The group name "ents" is a special case, and will get the matches from doc.ents

Examples

  • span_getter=["ents", "ckd"] will get the matches from both doc.ents and doc.spans["ckd"]. It is equivalent to {"ents": True, "ckd": True}.
  • span_getter={"ents": ["foo", "bar"]} will get the matches with label "foo" and "bar" from doc.ents.
  • span_getter="ents" will get all matches from doc.ents.
  • span_getter="ckd" will get all matches from doc.spans["ckd"].

make_span_context_getter

Create a span context getter.

Parameters

PARAMETER DESCRIPTION
context_words

Minimum number of words to include on each side of the span. It could be asymmetric. For example (5,2) will include 5 words before the start of the span and 2 after the end of the span

TYPE: Union[NonNegativeInt, Tuple[NonNegativeInt, NonNegativeInt]]

context_sents
Union[NonNegativeInt, Tuple[NonNegativeInt, NonNegativeInt]]

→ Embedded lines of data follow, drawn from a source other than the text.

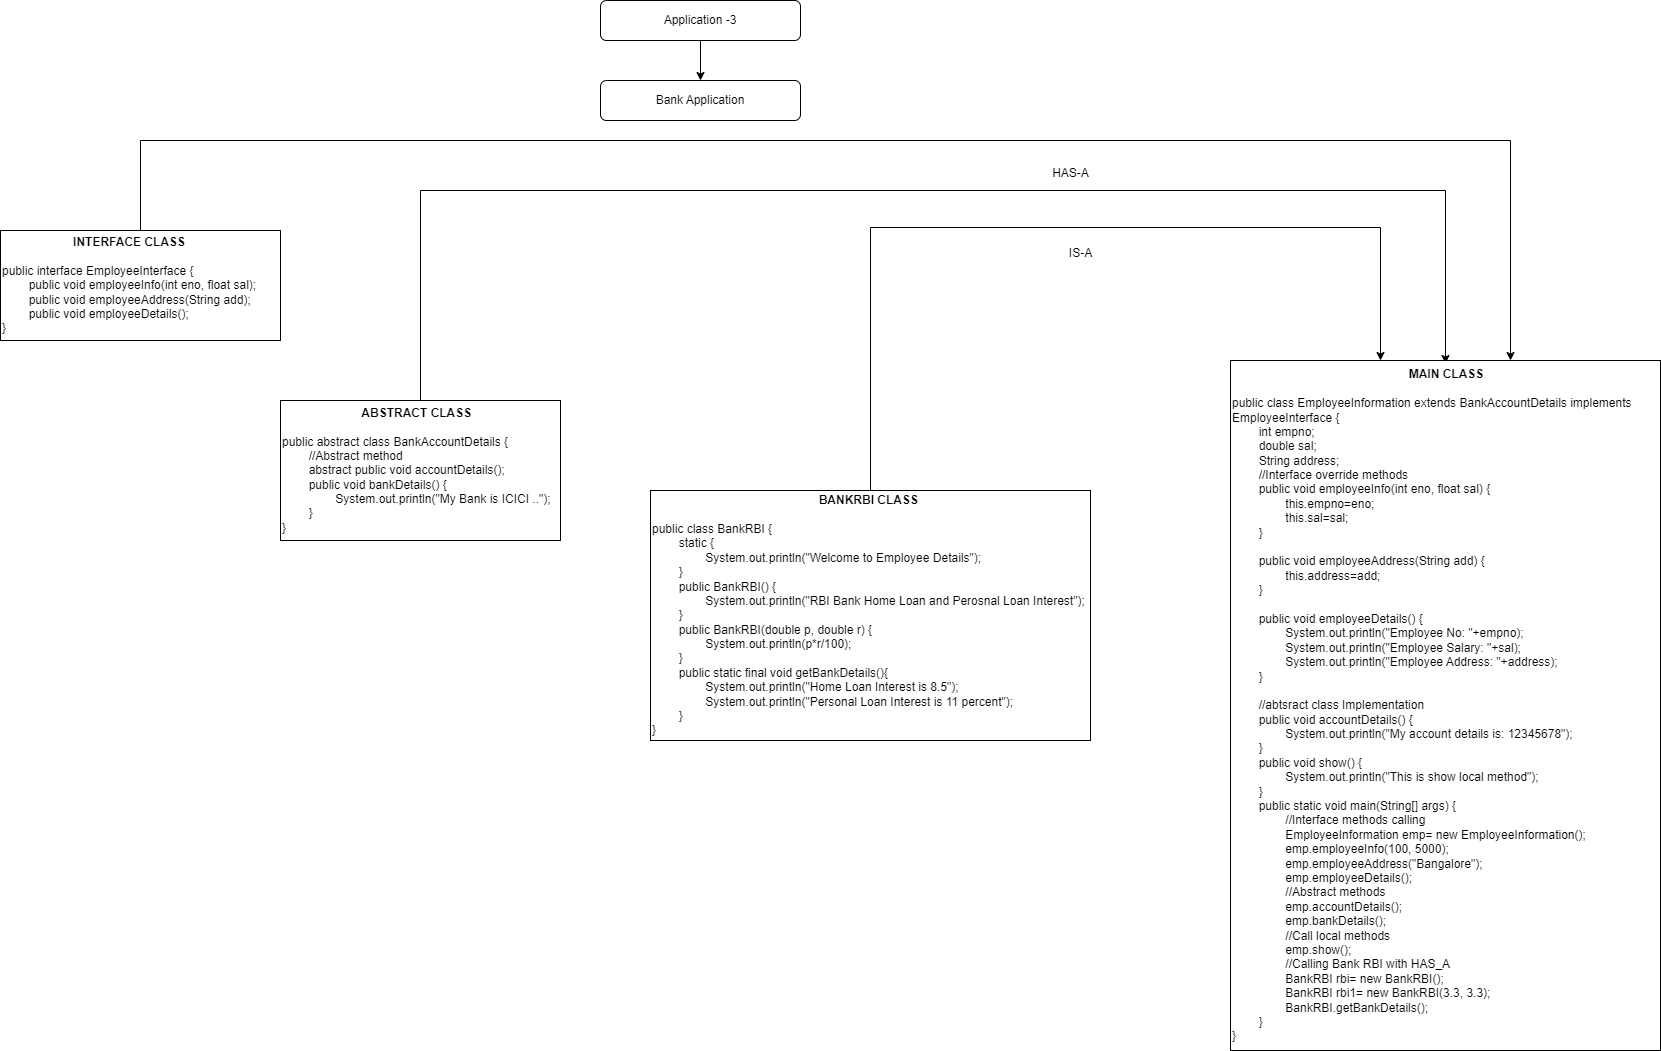

The diagram above was exported from draw.io. Its source (the exported page's mxGraphModel, read from the mxfile embedded in the PNG):
<mxGraphModel dx="6014" dy="1093" grid="1" gridSize="10" guides="1" tooltips="1" connect="1" arrows="1" fold="1" page="1" pageScale="1" pageWidth="850" pageHeight="1100" math="0" shadow="0">
  <root>
    <mxCell id="0" />
    <mxCell id="1" parent="0" />
    <mxCell id="WjIacV6hsVy-O33vAQQD-1" style="edgeStyle=orthogonalEdgeStyle;rounded=0;orthogonalLoop=1;jettySize=auto;html=1;entryX=0.5;entryY=0;entryDx=0;entryDy=0;" edge="1" parent="1" source="WjIacV6hsVy-O33vAQQD-2" target="WjIacV6hsVy-O33vAQQD-3">
      <mxGeometry relative="1" as="geometry" />
    </mxCell>
    <mxCell id="WjIacV6hsVy-O33vAQQD-2" value="Application -3" style="rounded=1;whiteSpace=wrap;html=1;" vertex="1" parent="1">
      <mxGeometry x="-3080" y="40" width="200" height="40" as="geometry" />
    </mxCell>
    <mxCell id="WjIacV6hsVy-O33vAQQD-3" value="Bank Application" style="rounded=1;whiteSpace=wrap;html=1;" vertex="1" parent="1">
      <mxGeometry x="-3080" y="120" width="200" height="40" as="geometry" />
    </mxCell>
    <mxCell id="WjIacV6hsVy-O33vAQQD-4" value="&lt;div style=&quot;text-align: center;&quot;&gt;&lt;b&gt;BANKRBI CLASS&lt;/b&gt;&lt;/div&gt;&lt;div style=&quot;text-align: center;&quot;&gt;&lt;b&gt;&lt;br&gt;&lt;/b&gt;&lt;/div&gt;&lt;div&gt;public class BankRBI {&lt;/div&gt;&lt;div&gt;&lt;span style=&quot;white-space: normal;&quot;&gt;&lt;span style=&quot;white-space:pre&quot;&gt;&#09;&lt;/span&gt;static {&lt;/span&gt;&lt;/div&gt;&lt;div&gt;&lt;span style=&quot;white-space: normal;&quot;&gt;&lt;span style=&quot;white-space:pre&quot;&gt;&#09;&#09;&lt;/span&gt;System.out.println(&quot;Welcome to Employee Details&quot;);&lt;/span&gt;&lt;/div&gt;&lt;div&gt;&lt;span style=&quot;white-space: normal;&quot;&gt;&lt;span style=&quot;white-space:pre&quot;&gt;&#09;&lt;/span&gt;}&lt;/span&gt;&lt;/div&gt;&lt;div&gt;&lt;span style=&quot;white-space: normal;&quot;&gt;&lt;span style=&quot;white-space:pre&quot;&gt;&#09;&lt;/span&gt;public BankRBI() {&lt;/span&gt;&lt;/div&gt;&lt;div&gt;&lt;span style=&quot;white-space: normal;&quot;&gt;&lt;span style=&quot;white-space:pre&quot;&gt;&#09;&#09;&lt;/span&gt;System.out.println(&quot;RBI Bank Home Loan and Perosnal Loan Interest&quot;);&lt;/span&gt;&lt;/div&gt;&lt;div&gt;&lt;span style=&quot;white-space: normal;&quot;&gt;&lt;span style=&quot;white-space:pre&quot;&gt;&#09;&lt;/span&gt;}&lt;/span&gt;&lt;/div&gt;&lt;div&gt;&lt;span style=&quot;white-space: normal;&quot;&gt;&lt;span style=&quot;white-space:pre&quot;&gt;&#09;&lt;/span&gt;public BankRBI(double p, double r) {&lt;/span&gt;&lt;/div&gt;&lt;div&gt;&lt;span style=&quot;white-space: normal;&quot;&gt;&lt;span style=&quot;white-space:pre&quot;&gt;&#09;&#09;&lt;/span&gt;System.out.println(p*r/100);&lt;/span&gt;&lt;/div&gt;&lt;div&gt;&lt;span style=&quot;white-space: normal;&quot;&gt;&lt;span style=&quot;white-space:pre&quot;&gt;&#09;&lt;/span&gt;}&lt;/span&gt;&lt;/div&gt;&lt;div&gt;&lt;span style=&quot;white-space: normal;&quot;&gt;&lt;span style=&quot;white-space:pre&quot;&gt;&#09;&lt;/span&gt;public static final void getBankDetails(){&lt;/span&gt;&lt;/div&gt;&lt;div&gt;&lt;span style=&quot;white-space: normal;&quot;&gt;&lt;span style=&quot;white-space:pre&quot;&gt;&#09;&#09;&lt;/span&gt;System.out.println(&quot;Home Loan Interest is 8.5&quot;);&lt;/span&gt;&lt;/div&gt;&lt;div&gt;&lt;span style=&quot;white-space: normal;&quot;&gt;&lt;span style=&quot;white-space:pre&quot;&gt;&#09;&#09;&lt;/span&gt;System.out.println(&quot;Personal Loan Interest is 11 percent&quot;);&lt;/span&gt;&lt;/div&gt;&lt;div&gt;&lt;span style=&quot;white-space: normal;&quot;&gt;&lt;span style=&quot;white-space:pre&quot;&gt;&#09;&lt;/span&gt;}&lt;/span&gt;&lt;/div&gt;&lt;div&gt;}&lt;/div&gt;" style="rounded=0;whiteSpace=wrap;html=1;align=left;" vertex="1" parent="1">
      <mxGeometry x="-3030" y="530" width="440" height="250" as="geometry" />
    </mxCell>
    <mxCell id="WjIacV6hsVy-O33vAQQD-14" style="edgeStyle=orthogonalEdgeStyle;rounded=0;orthogonalLoop=1;jettySize=auto;html=1;" edge="1" parent="1" source="WjIacV6hsVy-O33vAQQD-5">
      <mxGeometry relative="1" as="geometry">
        <mxPoint x="-2235" y="403" as="targetPoint" />
        <Array as="points">
          <mxPoint x="-3260" y="230" />
          <mxPoint x="-2235" y="230" />
          <mxPoint x="-2235" y="403" />
        </Array>
      </mxGeometry>
    </mxCell>
    <mxCell id="WjIacV6hsVy-O33vAQQD-5" value="&lt;div style=&quot;text-align: center;&quot;&gt;&lt;b&gt;ABSTRACT CLASS&lt;/b&gt;&lt;/div&gt;&lt;div style=&quot;text-align: center;&quot;&gt;&lt;b&gt;&lt;br&gt;&lt;/b&gt;&lt;/div&gt;&lt;div&gt;public abstract class BankAccountDetails {&lt;/div&gt;&lt;div&gt;&lt;span style=&quot;white-space: normal;&quot;&gt;&lt;span style=&quot;white-space:pre&quot;&gt;&#09;&lt;/span&gt;//Abstract method&lt;/span&gt;&lt;/div&gt;&lt;div&gt;&lt;span style=&quot;white-space: normal;&quot;&gt;&lt;span style=&quot;white-space:pre&quot;&gt;&#09;&lt;/span&gt;abstract public void accountDetails();&lt;/span&gt;&lt;/div&gt;&lt;div&gt;&lt;span style=&quot;white-space: normal;&quot;&gt;&lt;span style=&quot;white-space:pre&quot;&gt;&#09;&lt;/span&gt;public void bankDetails() {&lt;/span&gt;&lt;/div&gt;&lt;div&gt;&lt;span style=&quot;white-space: normal;&quot;&gt;&lt;span style=&quot;white-space:pre&quot;&gt;&#09;&#09;&lt;/span&gt;System.out.println(&quot;My Bank is ICICI ..&quot;);&lt;/span&gt;&lt;/div&gt;&lt;div&gt;&lt;span style=&quot;white-space: normal;&quot;&gt;&lt;span style=&quot;white-space:pre&quot;&gt;&#09;&lt;/span&gt;}&lt;/span&gt;&lt;/div&gt;&lt;div&gt;}&lt;/div&gt;" style="rounded=0;whiteSpace=wrap;html=1;align=left;" vertex="1" parent="1">
      <mxGeometry x="-3400" y="440" width="280" height="140" as="geometry" />
    </mxCell>
    <mxCell id="WjIacV6hsVy-O33vAQQD-6" value="&lt;div style=&quot;text-align: center;&quot;&gt;&lt;b&gt;MAIN CLASS&lt;/b&gt;&lt;/div&gt;&lt;div style=&quot;text-align: center;&quot;&gt;&lt;b&gt;&lt;br&gt;&lt;/b&gt;&lt;/div&gt;&lt;div&gt;public class EmployeeInformation extends BankAccountDetails implements EmployeeInterface {&lt;/div&gt;&lt;div&gt;&lt;span style=&quot;white-space: normal;&quot;&gt;&lt;span style=&quot;white-space:pre&quot;&gt;&#09;&lt;/span&gt;int empno;&lt;/span&gt;&lt;/div&gt;&lt;div&gt;&lt;span style=&quot;white-space: normal;&quot;&gt;&lt;span style=&quot;white-space:pre&quot;&gt;&#09;&lt;/span&gt;double sal;&lt;/span&gt;&lt;/div&gt;&lt;div&gt;&lt;span style=&quot;white-space: normal;&quot;&gt;&lt;span style=&quot;white-space:pre&quot;&gt;&#09;&lt;/span&gt;String address;&lt;/span&gt;&lt;/div&gt;&lt;div&gt;&lt;span style=&quot;white-space: pre; white-space: normal;&quot;&gt;&#09;&lt;/span&gt;&lt;/div&gt;&lt;div&gt;&lt;span style=&quot;white-space: normal;&quot;&gt;&lt;span style=&quot;white-space:pre&quot;&gt;&#09;&lt;/span&gt;//Interface override methods&lt;/span&gt;&lt;/div&gt;&lt;div&gt;&lt;span style=&quot;white-space: normal;&quot;&gt;&lt;span style=&quot;white-space:pre&quot;&gt;&#09;&lt;/span&gt;public void employeeInfo(int eno, float sal) {&lt;/span&gt;&lt;/div&gt;&lt;div&gt;&lt;span style=&quot;white-space: normal;&quot;&gt;&lt;span style=&quot;white-space:pre&quot;&gt;&#09;&#09;&lt;/span&gt;this.empno=eno;&lt;/span&gt;&lt;/div&gt;&lt;div&gt;&lt;span style=&quot;white-space: normal;&quot;&gt;&lt;span style=&quot;white-space:pre&quot;&gt;&#09;&#09;&lt;/span&gt;this.sal=sal;&lt;/span&gt;&lt;/div&gt;&lt;div&gt;&lt;span style=&quot;white-space: normal;&quot;&gt;&lt;span style=&quot;white-space:pre&quot;&gt;&#09;&lt;/span&gt;}&lt;/span&gt;&lt;/div&gt;&lt;div&gt;&lt;br&gt;&lt;/div&gt;&lt;div&gt;&lt;span style=&quot;white-space: normal;&quot;&gt;&lt;span style=&quot;white-space:pre&quot;&gt;&#09;&lt;/span&gt;public void employeeAddress(String add) {&lt;/span&gt;&lt;/div&gt;&lt;div&gt;&lt;span style=&quot;white-space: normal;&quot;&gt;&lt;span style=&quot;white-space:pre&quot;&gt;&#09;&#09;&lt;/span&gt;this.address=add;&lt;span style=&quot;white-space:pre&quot;&gt;&#09;&lt;/span&gt;&lt;/span&gt;&lt;/div&gt;&lt;div&gt;&lt;span style=&quot;white-space: normal;&quot;&gt;&lt;span style=&quot;white-space:pre&quot;&gt;&#09;&lt;/span&gt;}&lt;/span&gt;&lt;/div&gt;&lt;div&gt;&lt;br&gt;&lt;/div&gt;&lt;div&gt;&lt;span style=&quot;white-space: normal;&quot;&gt;&lt;span style=&quot;white-space:pre&quot;&gt;&#09;&lt;/span&gt;public void employeeDetails() {&lt;/span&gt;&lt;/div&gt;&lt;div&gt;&lt;span style=&quot;white-space: normal;&quot;&gt;&lt;span style=&quot;white-space:pre&quot;&gt;&#09;&#09;&lt;/span&gt;System.out.println(&quot;Employee No: &quot;+empno);&lt;/span&gt;&lt;/div&gt;&lt;div&gt;&lt;span style=&quot;white-space: normal;&quot;&gt;&lt;span style=&quot;white-space:pre&quot;&gt;&#09;&#09;&lt;/span&gt;System.out.println(&quot;Employee Salary: &quot;+sal);&lt;/span&gt;&lt;/div&gt;&lt;div&gt;&lt;span style=&quot;white-space: normal;&quot;&gt;&lt;span style=&quot;white-space:pre&quot;&gt;&#09;&#09;&lt;/span&gt;System.out.println(&quot;Employee Address: &quot;+address);&lt;/span&gt;&lt;/div&gt;&lt;div&gt;&lt;span style=&quot;white-space: normal;&quot;&gt;&lt;span style=&quot;white-space:pre&quot;&gt;&#09;&lt;/span&gt;}&lt;/span&gt;&lt;/div&gt;&lt;div&gt;&lt;br&gt;&lt;/div&gt;&lt;div&gt;&lt;span style=&quot;white-space: normal;&quot;&gt;&lt;span style=&quot;white-space:pre&quot;&gt;&#09;&lt;/span&gt;//abtsract class Implementation&lt;/span&gt;&lt;/div&gt;&lt;div&gt;&lt;span style=&quot;white-space: normal;&quot;&gt;&lt;span style=&quot;white-space:pre&quot;&gt;&#09;&lt;/span&gt;public void accountDetails() {&lt;/span&gt;&lt;/div&gt;&lt;div&gt;&lt;span style=&quot;white-space: normal;&quot;&gt;&lt;span style=&quot;white-space:pre&quot;&gt;&#09;&#09;&lt;/span&gt;System.out.println(&quot;My account details is: 12345678&quot;);&lt;/span&gt;&lt;/div&gt;&lt;div&gt;&lt;span style=&quot;white-space: normal;&quot;&gt;&lt;span style=&quot;white-space:pre&quot;&gt;&#09;&lt;/span&gt;}&lt;/span&gt;&lt;/div&gt;&lt;div&gt;&lt;span style=&quot;white-space: pre; white-space: normal;&quot;&gt;&#09;&lt;/span&gt;&lt;/div&gt;&lt;div&gt;&lt;span style=&quot;white-space: normal;&quot;&gt;&lt;span style=&quot;white-space:pre&quot;&gt;&#09;&lt;/span&gt;public void show() {&lt;/span&gt;&lt;/div&gt;&lt;div&gt;&lt;span style=&quot;white-space: normal;&quot;&gt;&lt;span style=&quot;white-space:pre&quot;&gt;&#09;&#09;&lt;/span&gt;System.out.println(&quot;This is show local method&quot;);&lt;/span&gt;&lt;/div&gt;&lt;div&gt;&lt;span style=&quot;white-space: normal;&quot;&gt;&lt;span style=&quot;white-space:pre&quot;&gt;&#09;&lt;/span&gt;}&lt;/span&gt;&lt;/div&gt;&lt;div&gt;&lt;span style=&quot;white-space: pre; white-space: normal;&quot;&gt;&#09;&lt;/span&gt;&lt;/div&gt;&lt;div&gt;&lt;span style=&quot;white-space: normal;&quot;&gt;&lt;span style=&quot;white-space:pre&quot;&gt;&#09;&lt;/span&gt;public static void main(String[] args) {&lt;/span&gt;&lt;/div&gt;&lt;div&gt;&lt;span style=&quot;white-space: normal;&quot;&gt;&lt;span style=&quot;white-space:pre&quot;&gt;&#09;&#09;&lt;/span&gt;//Interface methods calling&lt;/span&gt;&lt;/div&gt;&lt;div&gt;&lt;span style=&quot;white-space: normal;&quot;&gt;&lt;span style=&quot;white-space:pre&quot;&gt;&#09;&#09;&lt;/span&gt;EmployeeInformation emp= new EmployeeInformation();&lt;/span&gt;&lt;/div&gt;&lt;div&gt;&lt;span style=&quot;white-space: normal;&quot;&gt;&lt;span style=&quot;white-space:pre&quot;&gt;&#09;&#09;&lt;/span&gt;emp.employeeInfo(100, 5000);&lt;/span&gt;&lt;/div&gt;&lt;div&gt;&lt;span style=&quot;white-space: normal;&quot;&gt;&lt;span style=&quot;white-space:pre&quot;&gt;&#09;&#09;&lt;/span&gt;emp.employeeAddress(&quot;Bangalore&quot;);&lt;/span&gt;&lt;/div&gt;&lt;div&gt;&lt;span style=&quot;white-space: normal;&quot;&gt;&lt;span style=&quot;white-space:pre&quot;&gt;&#09;&#09;&lt;/span&gt;emp.employeeDetails();&lt;/span&gt;&lt;/div&gt;&lt;div&gt;&lt;span style=&quot;white-space: pre; white-space: normal;&quot;&gt;&#09;&#09;&lt;/span&gt;&lt;/div&gt;&lt;div&gt;&lt;span style=&quot;white-space: normal;&quot;&gt;&lt;span style=&quot;white-space:pre&quot;&gt;&#09;&#09;&lt;/span&gt;//Abstract methods&lt;/span&gt;&lt;/div&gt;&lt;div&gt;&lt;span style=&quot;white-space: normal;&quot;&gt;&lt;span style=&quot;white-space:pre&quot;&gt;&#09;&#09;&lt;/span&gt;emp.accountDetails();&lt;/span&gt;&lt;/div&gt;&lt;div&gt;&lt;span style=&quot;white-space: normal;&quot;&gt;&lt;span style=&quot;white-space:pre&quot;&gt;&#09;&#09;&lt;/span&gt;emp.bankDetails();&lt;/span&gt;&lt;/div&gt;&lt;div&gt;&lt;span style=&quot;white-space: pre; white-space: normal;&quot;&gt;&#09;&#09;&lt;/span&gt;&lt;/div&gt;&lt;div&gt;&lt;span style=&quot;white-space: normal;&quot;&gt;&lt;span style=&quot;white-space:pre&quot;&gt;&#09;&#09;&lt;/span&gt;//Call local methods&lt;/span&gt;&lt;/div&gt;&lt;div&gt;&lt;span style=&quot;white-space: normal;&quot;&gt;&lt;span style=&quot;white-space:pre&quot;&gt;&#09;&#09;&lt;/span&gt;emp.show();&lt;/span&gt;&lt;/div&gt;&lt;div&gt;&lt;span style=&quot;white-space: pre; white-space: normal;&quot;&gt;&#09;&#09;&lt;/span&gt;&lt;/div&gt;&lt;div&gt;&lt;span style=&quot;white-space: normal;&quot;&gt;&lt;span style=&quot;white-space:pre&quot;&gt;&#09;&#09;&lt;/span&gt;//Calling Bank RBI with HAS_A&lt;/span&gt;&lt;/div&gt;&lt;div&gt;&lt;span style=&quot;white-space: normal;&quot;&gt;&lt;span style=&quot;white-space:pre&quot;&gt;&#09;&#09;&lt;/span&gt;BankRBI rbi= new BankRBI();&lt;/span&gt;&lt;/div&gt;&lt;div&gt;&lt;span style=&quot;white-space: normal;&quot;&gt;&lt;span style=&quot;white-space:pre&quot;&gt;&#09;&#09;&lt;/span&gt;BankRBI rbi1= new BankRBI(3.3, 3.3);&lt;/span&gt;&lt;/div&gt;&lt;div&gt;&lt;span style=&quot;white-space: normal;&quot;&gt;&lt;span style=&quot;white-space:pre&quot;&gt;&#09;&#09;&lt;/span&gt;BankRBI.getBankDetails();&lt;/span&gt;&lt;/div&gt;&lt;div&gt;&lt;span style=&quot;white-space: normal;&quot;&gt;&lt;span style=&quot;white-space:pre&quot;&gt;&#09;&lt;/span&gt;}&lt;/span&gt;&lt;/div&gt;&lt;div&gt;}&lt;/div&gt;" style="rounded=0;whiteSpace=wrap;html=1;align=left;" vertex="1" parent="1">
      <mxGeometry x="-2450" y="400" width="430" height="690" as="geometry" />
    </mxCell>
    <mxCell id="WjIacV6hsVy-O33vAQQD-7" value="&lt;div style=&quot;text-align: center;&quot;&gt;&lt;b&gt;INTERFACE CLASS&lt;/b&gt;&lt;/div&gt;&lt;div style=&quot;text-align: center;&quot;&gt;&lt;b&gt;&lt;br&gt;&lt;/b&gt;&lt;/div&gt;&lt;div&gt;public interface EmployeeInterface {&lt;/div&gt;&lt;div&gt;&lt;span style=&quot;white-space: normal;&quot;&gt;&lt;span style=&quot;white-space:pre&quot;&gt;&#09;&lt;/span&gt;public void employeeInfo(int eno, float sal);&lt;/span&gt;&lt;/div&gt;&lt;div&gt;&lt;span style=&quot;white-space: normal;&quot;&gt;&lt;span style=&quot;white-space:pre&quot;&gt;&#09;&lt;/span&gt;public void employeeAddress(String add);&lt;/span&gt;&lt;/div&gt;&lt;div&gt;&lt;span style=&quot;white-space: normal;&quot;&gt;&lt;span style=&quot;white-space:pre&quot;&gt;&#09;&lt;/span&gt;public void employeeDetails();&lt;/span&gt;&lt;/div&gt;&lt;div&gt;}&lt;/div&gt;" style="rounded=0;whiteSpace=wrap;html=1;align=left;" vertex="1" parent="1">
      <mxGeometry x="-3680" y="270" width="280" height="110" as="geometry" />
    </mxCell>
    <mxCell id="WjIacV6hsVy-O33vAQQD-15" style="edgeStyle=orthogonalEdgeStyle;rounded=0;orthogonalLoop=1;jettySize=auto;html=1;" edge="1" parent="1" source="WjIacV6hsVy-O33vAQQD-4" target="WjIacV6hsVy-O33vAQQD-6">
      <mxGeometry relative="1" as="geometry">
        <Array as="points">
          <mxPoint x="-2810" y="267" />
          <mxPoint x="-2300" y="267" />
        </Array>
      </mxGeometry>
    </mxCell>
    <mxCell id="WjIacV6hsVy-O33vAQQD-16" style="edgeStyle=orthogonalEdgeStyle;rounded=0;orthogonalLoop=1;jettySize=auto;html=1;" edge="1" parent="1" source="WjIacV6hsVy-O33vAQQD-7" target="WjIacV6hsVy-O33vAQQD-6">
      <mxGeometry relative="1" as="geometry">
        <Array as="points">
          <mxPoint x="-3540" y="180" />
          <mxPoint x="-2170" y="180" />
        </Array>
      </mxGeometry>
    </mxCell>
    <mxCell id="WjIacV6hsVy-O33vAQQD-17" value="HAS-A" style="text;html=1;align=center;verticalAlign=middle;resizable=0;points=[];autosize=1;strokeColor=none;fillColor=none;" vertex="1" parent="1">
      <mxGeometry x="-2640" y="198" width="60" height="30" as="geometry" />
    </mxCell>
    <mxCell id="WjIacV6hsVy-O33vAQQD-18" value="IS-A" style="text;html=1;align=center;verticalAlign=middle;resizable=0;points=[];autosize=1;strokeColor=none;fillColor=none;" vertex="1" parent="1">
      <mxGeometry x="-2625" y="278" width="50" height="30" as="geometry" />
    </mxCell>
  </root>
</mxGraphModel>

] = 1 Minimum number of sentences to include on each side of the span:

  • 0: don't use sentences to build the context.
  • 1: include the sentence of the span.
  • n: include n-1 sentences on each side of the span + the sentence of the span

TYPE: Optional[

By default, 0 if the document has no sentence annotations, 1 otherwise.

ContextWindow [source]

Bases: Validated, ABC

A ContextWindow specifies how much additional context (such as sentences or words) should be included relative to an anchor span. For example, one might define a context window that extracts the sentence immediately preceding and following the anchor span, or one that extends the span by a given number of words before and after.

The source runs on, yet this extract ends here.